TOPUZ DAĞI ve TOPUZ DAĞI GAZETESİ

Doç. Dr. Faruk GÜÇLÜ

Topuz Dağı Ürgüp’ün Ulaşlı Köyü sınırlarından başlayıp, Aksalur, Karacaören, Karain, Boyalı, Akköy ve Başdere Köye kadar uzanan 15 KM uzunluğunda 5 KM genişliğinde 1535 Metre yüksekliğinde Nevşehir il sınırları içinde kalan bir dağın adıdır. Topuz Dağı Geçidi ise İncesu ile Ürgüp arasında olup bu iki ilçeyi birbirinden ayırır. Aynı zamanda Kayseri-Nevşehir il sınırıdır.Başdere köyünün yaylası diyebileceğimiz yöredeasırlık çam ağaçları vardır.

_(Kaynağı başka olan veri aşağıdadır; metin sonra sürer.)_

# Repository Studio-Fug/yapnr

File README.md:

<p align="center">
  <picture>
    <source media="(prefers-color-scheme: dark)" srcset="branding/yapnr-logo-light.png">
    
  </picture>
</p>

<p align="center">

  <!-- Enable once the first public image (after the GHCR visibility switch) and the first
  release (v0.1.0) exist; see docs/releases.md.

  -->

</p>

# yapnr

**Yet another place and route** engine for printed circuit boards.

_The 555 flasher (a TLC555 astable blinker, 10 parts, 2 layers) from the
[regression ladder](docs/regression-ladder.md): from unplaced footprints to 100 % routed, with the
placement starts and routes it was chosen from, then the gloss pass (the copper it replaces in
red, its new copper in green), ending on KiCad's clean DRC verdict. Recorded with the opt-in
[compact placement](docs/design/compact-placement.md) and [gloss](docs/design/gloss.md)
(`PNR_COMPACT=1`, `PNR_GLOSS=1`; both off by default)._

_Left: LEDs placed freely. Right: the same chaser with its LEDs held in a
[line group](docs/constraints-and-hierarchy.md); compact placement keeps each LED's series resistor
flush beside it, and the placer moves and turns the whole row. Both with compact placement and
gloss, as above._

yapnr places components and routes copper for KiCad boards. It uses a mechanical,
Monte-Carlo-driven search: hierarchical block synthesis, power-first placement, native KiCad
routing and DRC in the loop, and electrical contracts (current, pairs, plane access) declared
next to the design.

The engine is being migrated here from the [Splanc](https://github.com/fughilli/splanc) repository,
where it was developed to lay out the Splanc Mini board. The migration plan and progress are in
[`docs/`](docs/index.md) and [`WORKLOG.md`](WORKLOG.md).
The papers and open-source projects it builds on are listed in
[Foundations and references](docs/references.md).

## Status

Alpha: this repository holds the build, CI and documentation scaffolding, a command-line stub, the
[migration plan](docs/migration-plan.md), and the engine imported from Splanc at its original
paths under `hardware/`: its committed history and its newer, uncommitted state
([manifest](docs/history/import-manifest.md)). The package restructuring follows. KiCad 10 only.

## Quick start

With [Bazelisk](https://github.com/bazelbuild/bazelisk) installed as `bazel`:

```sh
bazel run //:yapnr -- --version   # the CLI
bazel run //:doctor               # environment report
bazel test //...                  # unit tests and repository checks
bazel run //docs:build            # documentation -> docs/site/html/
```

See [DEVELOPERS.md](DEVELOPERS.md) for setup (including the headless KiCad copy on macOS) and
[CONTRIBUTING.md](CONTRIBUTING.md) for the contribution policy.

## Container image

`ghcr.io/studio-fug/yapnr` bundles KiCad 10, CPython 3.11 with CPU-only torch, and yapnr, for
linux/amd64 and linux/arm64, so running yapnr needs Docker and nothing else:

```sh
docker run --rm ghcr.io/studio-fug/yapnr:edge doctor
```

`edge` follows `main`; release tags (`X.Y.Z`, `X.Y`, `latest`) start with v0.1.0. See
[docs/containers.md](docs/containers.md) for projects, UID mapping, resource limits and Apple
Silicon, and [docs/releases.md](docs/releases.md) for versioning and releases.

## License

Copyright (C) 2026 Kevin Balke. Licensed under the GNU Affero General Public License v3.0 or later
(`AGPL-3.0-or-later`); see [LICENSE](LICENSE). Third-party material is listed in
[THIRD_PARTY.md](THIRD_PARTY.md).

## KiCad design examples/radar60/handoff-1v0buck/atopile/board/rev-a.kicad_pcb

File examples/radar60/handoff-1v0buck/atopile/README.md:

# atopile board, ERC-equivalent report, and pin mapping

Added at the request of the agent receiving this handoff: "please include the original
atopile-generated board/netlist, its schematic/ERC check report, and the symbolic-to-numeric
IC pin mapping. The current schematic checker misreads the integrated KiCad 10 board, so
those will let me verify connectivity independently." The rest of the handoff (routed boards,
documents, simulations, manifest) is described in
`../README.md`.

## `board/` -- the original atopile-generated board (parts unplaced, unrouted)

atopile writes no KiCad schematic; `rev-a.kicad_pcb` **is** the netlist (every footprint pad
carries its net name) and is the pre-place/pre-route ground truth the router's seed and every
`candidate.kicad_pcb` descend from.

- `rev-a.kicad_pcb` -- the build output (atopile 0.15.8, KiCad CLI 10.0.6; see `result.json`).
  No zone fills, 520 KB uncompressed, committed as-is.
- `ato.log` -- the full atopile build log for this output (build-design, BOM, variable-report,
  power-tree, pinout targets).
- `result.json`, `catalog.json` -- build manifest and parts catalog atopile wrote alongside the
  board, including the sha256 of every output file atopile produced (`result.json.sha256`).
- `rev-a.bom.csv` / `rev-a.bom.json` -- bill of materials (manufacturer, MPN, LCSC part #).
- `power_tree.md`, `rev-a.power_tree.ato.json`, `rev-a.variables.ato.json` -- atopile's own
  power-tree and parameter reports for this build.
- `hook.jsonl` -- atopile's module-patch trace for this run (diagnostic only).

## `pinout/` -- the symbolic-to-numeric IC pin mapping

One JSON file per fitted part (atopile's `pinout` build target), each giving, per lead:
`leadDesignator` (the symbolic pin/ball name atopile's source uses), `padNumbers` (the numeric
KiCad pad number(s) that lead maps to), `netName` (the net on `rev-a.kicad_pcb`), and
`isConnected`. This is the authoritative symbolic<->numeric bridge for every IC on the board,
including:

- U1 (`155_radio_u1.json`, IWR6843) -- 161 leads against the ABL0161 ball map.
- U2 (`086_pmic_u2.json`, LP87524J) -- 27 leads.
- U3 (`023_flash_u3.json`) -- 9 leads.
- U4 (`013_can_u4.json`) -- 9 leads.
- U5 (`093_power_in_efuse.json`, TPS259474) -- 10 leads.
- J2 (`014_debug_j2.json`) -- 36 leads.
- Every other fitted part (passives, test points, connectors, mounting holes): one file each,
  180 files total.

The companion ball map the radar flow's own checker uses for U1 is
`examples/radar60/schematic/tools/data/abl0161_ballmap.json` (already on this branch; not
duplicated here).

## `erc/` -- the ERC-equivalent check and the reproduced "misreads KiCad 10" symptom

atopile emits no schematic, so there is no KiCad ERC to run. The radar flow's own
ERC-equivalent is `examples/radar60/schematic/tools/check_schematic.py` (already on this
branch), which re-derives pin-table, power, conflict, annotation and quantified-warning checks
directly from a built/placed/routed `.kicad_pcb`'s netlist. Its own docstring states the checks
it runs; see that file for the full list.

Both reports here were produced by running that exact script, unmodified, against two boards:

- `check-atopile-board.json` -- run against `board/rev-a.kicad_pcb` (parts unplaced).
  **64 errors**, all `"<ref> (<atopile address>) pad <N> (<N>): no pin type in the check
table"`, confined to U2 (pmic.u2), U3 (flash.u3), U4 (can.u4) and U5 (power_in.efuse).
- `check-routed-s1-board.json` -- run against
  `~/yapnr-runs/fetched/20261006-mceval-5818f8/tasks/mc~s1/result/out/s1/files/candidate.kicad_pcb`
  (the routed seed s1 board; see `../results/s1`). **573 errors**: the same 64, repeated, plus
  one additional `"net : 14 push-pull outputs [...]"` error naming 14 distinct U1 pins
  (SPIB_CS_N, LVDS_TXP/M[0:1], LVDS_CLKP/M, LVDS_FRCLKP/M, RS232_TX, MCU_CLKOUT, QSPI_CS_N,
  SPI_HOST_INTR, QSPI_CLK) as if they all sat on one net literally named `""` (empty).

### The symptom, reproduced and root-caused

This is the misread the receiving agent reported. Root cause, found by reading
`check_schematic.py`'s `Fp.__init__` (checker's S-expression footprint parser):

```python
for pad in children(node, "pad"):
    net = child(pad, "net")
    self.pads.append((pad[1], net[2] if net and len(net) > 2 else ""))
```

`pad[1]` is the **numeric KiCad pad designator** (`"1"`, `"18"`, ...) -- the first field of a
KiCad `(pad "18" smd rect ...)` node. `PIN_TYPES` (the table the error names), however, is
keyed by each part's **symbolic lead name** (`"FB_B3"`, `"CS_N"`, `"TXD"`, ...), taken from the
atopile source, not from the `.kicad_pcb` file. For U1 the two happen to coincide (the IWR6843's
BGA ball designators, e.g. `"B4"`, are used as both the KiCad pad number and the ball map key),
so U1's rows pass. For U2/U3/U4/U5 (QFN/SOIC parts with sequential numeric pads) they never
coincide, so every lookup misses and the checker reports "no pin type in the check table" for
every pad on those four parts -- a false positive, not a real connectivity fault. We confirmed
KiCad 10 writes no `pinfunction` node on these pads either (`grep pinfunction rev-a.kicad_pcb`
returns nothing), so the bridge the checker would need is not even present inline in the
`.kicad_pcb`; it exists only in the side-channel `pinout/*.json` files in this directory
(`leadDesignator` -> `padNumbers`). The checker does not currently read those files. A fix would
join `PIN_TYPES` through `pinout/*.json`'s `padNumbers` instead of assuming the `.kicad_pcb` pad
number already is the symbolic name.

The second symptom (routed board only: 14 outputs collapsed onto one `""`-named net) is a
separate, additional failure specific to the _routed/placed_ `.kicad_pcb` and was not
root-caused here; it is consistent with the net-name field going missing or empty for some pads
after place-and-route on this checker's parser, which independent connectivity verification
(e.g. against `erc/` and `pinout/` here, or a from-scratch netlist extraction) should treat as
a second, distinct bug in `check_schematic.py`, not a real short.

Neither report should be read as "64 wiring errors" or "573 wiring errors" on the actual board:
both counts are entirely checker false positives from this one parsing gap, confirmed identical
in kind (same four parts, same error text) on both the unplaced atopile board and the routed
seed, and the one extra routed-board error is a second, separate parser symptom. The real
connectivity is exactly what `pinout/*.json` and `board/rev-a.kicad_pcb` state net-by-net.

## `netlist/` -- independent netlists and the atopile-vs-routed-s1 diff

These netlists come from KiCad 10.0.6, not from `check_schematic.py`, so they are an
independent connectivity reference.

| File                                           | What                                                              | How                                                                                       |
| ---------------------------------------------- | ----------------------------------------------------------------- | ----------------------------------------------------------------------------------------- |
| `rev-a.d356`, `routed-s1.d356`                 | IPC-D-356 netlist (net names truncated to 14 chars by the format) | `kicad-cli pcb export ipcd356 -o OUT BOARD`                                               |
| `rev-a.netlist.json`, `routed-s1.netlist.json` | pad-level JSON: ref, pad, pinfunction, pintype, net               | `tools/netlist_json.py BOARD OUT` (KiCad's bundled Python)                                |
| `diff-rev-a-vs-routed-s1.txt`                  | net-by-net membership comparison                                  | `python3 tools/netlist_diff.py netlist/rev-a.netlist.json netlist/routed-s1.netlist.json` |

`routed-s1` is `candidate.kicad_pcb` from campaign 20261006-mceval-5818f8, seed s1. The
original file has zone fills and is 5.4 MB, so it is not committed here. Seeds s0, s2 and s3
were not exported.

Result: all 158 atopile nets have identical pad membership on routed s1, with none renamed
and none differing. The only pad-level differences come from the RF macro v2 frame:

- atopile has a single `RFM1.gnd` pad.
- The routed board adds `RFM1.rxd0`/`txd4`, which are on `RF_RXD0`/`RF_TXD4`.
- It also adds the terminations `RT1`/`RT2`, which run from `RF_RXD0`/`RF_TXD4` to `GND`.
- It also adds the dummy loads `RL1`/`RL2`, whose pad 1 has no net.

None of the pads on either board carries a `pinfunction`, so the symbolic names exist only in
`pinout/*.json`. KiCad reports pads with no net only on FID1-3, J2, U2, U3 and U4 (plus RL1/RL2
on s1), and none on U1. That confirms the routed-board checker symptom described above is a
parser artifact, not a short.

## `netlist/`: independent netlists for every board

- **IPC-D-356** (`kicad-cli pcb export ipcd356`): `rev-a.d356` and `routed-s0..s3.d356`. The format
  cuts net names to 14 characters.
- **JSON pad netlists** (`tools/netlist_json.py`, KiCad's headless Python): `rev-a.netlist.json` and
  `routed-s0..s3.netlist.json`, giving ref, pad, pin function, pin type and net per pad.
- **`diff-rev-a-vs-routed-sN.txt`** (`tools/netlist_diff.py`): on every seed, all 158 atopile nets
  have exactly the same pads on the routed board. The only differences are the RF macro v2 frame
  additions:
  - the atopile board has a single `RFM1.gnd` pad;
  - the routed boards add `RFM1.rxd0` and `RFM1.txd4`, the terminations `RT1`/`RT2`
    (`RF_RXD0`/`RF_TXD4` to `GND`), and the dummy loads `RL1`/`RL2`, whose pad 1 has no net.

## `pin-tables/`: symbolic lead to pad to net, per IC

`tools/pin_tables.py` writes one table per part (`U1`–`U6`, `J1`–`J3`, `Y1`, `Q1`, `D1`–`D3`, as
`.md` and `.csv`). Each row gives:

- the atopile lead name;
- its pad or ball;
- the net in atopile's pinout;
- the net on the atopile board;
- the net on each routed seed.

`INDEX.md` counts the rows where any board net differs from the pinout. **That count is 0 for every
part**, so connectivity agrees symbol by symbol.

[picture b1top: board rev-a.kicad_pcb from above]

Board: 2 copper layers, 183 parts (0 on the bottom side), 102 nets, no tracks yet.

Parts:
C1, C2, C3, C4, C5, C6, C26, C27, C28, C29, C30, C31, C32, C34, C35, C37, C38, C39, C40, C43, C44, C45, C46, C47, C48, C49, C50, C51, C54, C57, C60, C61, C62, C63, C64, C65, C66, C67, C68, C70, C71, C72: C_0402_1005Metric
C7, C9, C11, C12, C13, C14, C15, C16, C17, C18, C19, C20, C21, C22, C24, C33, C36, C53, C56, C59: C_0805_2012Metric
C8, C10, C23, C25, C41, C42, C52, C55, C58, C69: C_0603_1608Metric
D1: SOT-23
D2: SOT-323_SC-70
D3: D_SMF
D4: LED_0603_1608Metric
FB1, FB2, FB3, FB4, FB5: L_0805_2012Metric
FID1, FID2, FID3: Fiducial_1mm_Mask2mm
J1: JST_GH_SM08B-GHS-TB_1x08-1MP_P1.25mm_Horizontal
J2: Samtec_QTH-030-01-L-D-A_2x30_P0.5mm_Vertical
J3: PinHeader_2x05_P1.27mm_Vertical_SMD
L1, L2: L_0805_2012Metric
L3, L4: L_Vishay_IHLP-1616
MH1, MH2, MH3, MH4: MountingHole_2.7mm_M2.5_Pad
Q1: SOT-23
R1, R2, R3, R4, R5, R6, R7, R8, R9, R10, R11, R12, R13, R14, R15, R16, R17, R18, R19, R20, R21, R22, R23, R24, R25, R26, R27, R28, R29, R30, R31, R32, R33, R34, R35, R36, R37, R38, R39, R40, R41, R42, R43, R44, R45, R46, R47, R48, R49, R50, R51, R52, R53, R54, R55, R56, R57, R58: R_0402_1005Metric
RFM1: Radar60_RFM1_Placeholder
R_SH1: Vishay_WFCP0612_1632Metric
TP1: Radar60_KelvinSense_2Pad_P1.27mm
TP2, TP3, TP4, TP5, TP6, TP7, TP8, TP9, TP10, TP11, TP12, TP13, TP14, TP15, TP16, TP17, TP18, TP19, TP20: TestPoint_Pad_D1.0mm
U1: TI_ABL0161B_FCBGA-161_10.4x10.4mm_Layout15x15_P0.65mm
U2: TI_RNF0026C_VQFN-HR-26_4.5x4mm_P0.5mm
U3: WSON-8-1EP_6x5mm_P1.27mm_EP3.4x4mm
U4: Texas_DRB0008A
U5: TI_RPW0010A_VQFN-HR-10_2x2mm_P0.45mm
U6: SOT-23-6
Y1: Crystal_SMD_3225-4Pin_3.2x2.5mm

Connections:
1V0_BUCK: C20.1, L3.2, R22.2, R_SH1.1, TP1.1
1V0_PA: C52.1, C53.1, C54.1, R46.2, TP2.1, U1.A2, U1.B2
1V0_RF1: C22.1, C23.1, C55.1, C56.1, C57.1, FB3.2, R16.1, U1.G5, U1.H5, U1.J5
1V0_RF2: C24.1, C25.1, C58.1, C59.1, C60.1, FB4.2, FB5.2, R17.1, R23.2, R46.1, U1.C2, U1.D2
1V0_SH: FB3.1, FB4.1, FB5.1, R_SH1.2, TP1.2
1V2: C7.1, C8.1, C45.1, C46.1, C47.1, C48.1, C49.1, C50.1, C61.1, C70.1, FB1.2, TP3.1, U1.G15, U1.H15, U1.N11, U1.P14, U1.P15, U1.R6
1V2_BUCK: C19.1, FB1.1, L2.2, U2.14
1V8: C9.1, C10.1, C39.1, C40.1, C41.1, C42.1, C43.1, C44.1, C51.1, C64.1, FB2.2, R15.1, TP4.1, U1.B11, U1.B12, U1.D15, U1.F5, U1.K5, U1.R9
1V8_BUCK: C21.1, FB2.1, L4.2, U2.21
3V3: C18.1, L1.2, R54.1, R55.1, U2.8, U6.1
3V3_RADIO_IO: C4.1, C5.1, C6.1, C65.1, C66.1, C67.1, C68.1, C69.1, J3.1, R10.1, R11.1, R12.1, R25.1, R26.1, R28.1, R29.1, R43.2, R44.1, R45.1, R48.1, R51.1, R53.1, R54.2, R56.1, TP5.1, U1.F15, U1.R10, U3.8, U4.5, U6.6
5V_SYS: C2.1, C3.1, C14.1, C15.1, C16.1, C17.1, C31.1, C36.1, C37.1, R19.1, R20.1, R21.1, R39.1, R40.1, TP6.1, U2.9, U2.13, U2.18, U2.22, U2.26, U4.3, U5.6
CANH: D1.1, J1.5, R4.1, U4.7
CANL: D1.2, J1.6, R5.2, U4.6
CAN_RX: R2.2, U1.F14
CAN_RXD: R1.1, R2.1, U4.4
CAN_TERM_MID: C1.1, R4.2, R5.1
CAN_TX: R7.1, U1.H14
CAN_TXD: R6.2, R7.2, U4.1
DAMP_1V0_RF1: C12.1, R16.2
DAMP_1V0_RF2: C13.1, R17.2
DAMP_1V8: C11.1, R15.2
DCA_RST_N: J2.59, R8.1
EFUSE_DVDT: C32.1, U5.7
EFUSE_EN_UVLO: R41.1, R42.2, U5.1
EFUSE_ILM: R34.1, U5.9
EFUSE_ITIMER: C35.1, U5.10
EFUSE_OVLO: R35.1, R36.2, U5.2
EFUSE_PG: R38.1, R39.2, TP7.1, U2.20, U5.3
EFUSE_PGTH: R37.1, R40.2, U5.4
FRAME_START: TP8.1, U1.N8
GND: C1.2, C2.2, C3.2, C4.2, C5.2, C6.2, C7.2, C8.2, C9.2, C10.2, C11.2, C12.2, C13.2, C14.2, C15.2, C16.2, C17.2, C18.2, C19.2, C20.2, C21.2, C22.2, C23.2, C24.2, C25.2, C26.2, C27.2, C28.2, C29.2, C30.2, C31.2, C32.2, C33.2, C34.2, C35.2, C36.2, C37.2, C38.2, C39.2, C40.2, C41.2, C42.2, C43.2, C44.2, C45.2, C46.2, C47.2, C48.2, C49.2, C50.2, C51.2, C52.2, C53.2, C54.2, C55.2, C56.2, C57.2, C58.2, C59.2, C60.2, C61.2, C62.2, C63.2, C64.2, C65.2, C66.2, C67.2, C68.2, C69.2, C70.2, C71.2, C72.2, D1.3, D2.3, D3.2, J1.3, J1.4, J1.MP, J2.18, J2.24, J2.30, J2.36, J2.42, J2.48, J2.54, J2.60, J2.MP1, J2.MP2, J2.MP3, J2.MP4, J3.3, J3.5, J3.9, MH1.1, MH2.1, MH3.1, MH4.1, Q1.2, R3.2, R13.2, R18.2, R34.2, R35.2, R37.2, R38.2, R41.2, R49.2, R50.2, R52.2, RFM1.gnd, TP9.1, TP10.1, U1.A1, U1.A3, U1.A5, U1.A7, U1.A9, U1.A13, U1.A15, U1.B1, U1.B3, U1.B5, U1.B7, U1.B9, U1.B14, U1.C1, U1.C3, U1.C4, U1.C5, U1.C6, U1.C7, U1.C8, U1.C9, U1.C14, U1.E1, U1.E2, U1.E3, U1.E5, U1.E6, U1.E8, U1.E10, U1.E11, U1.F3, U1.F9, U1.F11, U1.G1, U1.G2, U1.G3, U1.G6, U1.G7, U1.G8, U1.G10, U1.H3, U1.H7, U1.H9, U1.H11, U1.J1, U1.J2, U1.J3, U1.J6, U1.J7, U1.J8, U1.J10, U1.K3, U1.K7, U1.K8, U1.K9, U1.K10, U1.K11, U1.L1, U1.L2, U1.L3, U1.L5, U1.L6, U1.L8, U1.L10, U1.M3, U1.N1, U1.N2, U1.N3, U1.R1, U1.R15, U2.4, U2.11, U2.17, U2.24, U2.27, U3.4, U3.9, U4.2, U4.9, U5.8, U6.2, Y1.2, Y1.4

Dağı Gazetesi ise 1974-1976 yıllarında Ürgüp Lisesi edebiyat kolunun benim başkanlığımda çıkardığı duvar gazetesinin adıdır. Ürgüp Lisesinin yeni açıldığı yıllarda ben henüz ortaokul öğrencisiyim. Edebiyat Kolunda benden büyük liseli abiler var. Rahmetli Türkçe öğretmeniniz Osman Aydoğan’da edebiyat kolundan sorumlu öğretmen idi. Ben daha küçük olmama rağmen edebiyat kolu başkanı olarak beni seçtiler. Benden TOPUZ DAĞI ismiyle bir duvar gazetesi çıkarmamızı istedi Osman öğretmen. İlk konuda belliydi İsmet İnönü’nün ölümünün birinci yılında anılması yapılacaktı. Ben hemen O zaman Ürgüp’te eczacı olan ve ilçe başkanlığı yapan Cemal Seymen’e gittim. İsmet İnönü ile ilgili yazılar ve resimler istedim. Rahmetli Seymen benimle çokça ilgilendi arşivindeki İnönü resimlerini ve yazılarını seçip bana verdi. Böylece ilk duvar gazetesini çıkardık.

Osman hocam Topuz Dağı’ndan etkilenerek Duvar gazetesine de Topuz Dağı adını vermişti.

(Osman Aydoğan)

Duvar gazetesinde öyküler şiirler ve bölge tanıtımı ile yazılar yer alıyordu. O yıllarda bilgisayar yoktu daktilo sadece öğretmenler odasında vardı. Bana istediğim zaman öğretmenler odasına girip daktiloyu kullanma hakkı verdiler. O yıllarda çocuktum aşk sevgi, flört nedir bilmezdim. Öğretmeler Odasına her girdiğimde odada resim öğretmenimiz Semra hoca ve Biyoloji öğretmenimiz Mehmet Arslan olurdu. Mehmet Arslan ile Semra hocam evlendiler daha sonra Adapazarı’nda yaşamaya başladılar. Yıllar sonra Mehmet hocanın ölüm haberi de geldi.

Osman Aydoğan ve Mehmet Arslan hocaları kaybettik. Her ikisine de rahmet diliyorum.

Siyasal arenanın çalkantılı olduğu yıllarda Lise Müdürümüz değişti. Şuanda ismini anımsayamadığım ve tabiki anımsamakta istenmediğim bir vatandaş lise müdürü olarak geldi. Bir gün beni odasına çağırdı. “Duvar Gazetesine Ahmed Arif’in şiirini asmışsınız onu indir” dedi. Ben yatılı öğrenciydim .Lise müdürü de doğal olarak velim oluyordu. Şiiri indirdim ama Topuz Dağı Gazetesi de 2 yıl süren yayın yaşamına son verdi. Oysa Ahmed Arif şiirleri bugün şarkı ve türkü sözleri olarak hergün duyar olduğumuz sözlerden oluşuyordu.

İki yıl boyunca okulu açık olduğu dönemde tamı tamına 15 sayı duvar gazetesi çıkartmıştık. Böylece bende 15 yaşında bir gazetecilik deneyimi yaşamıştım.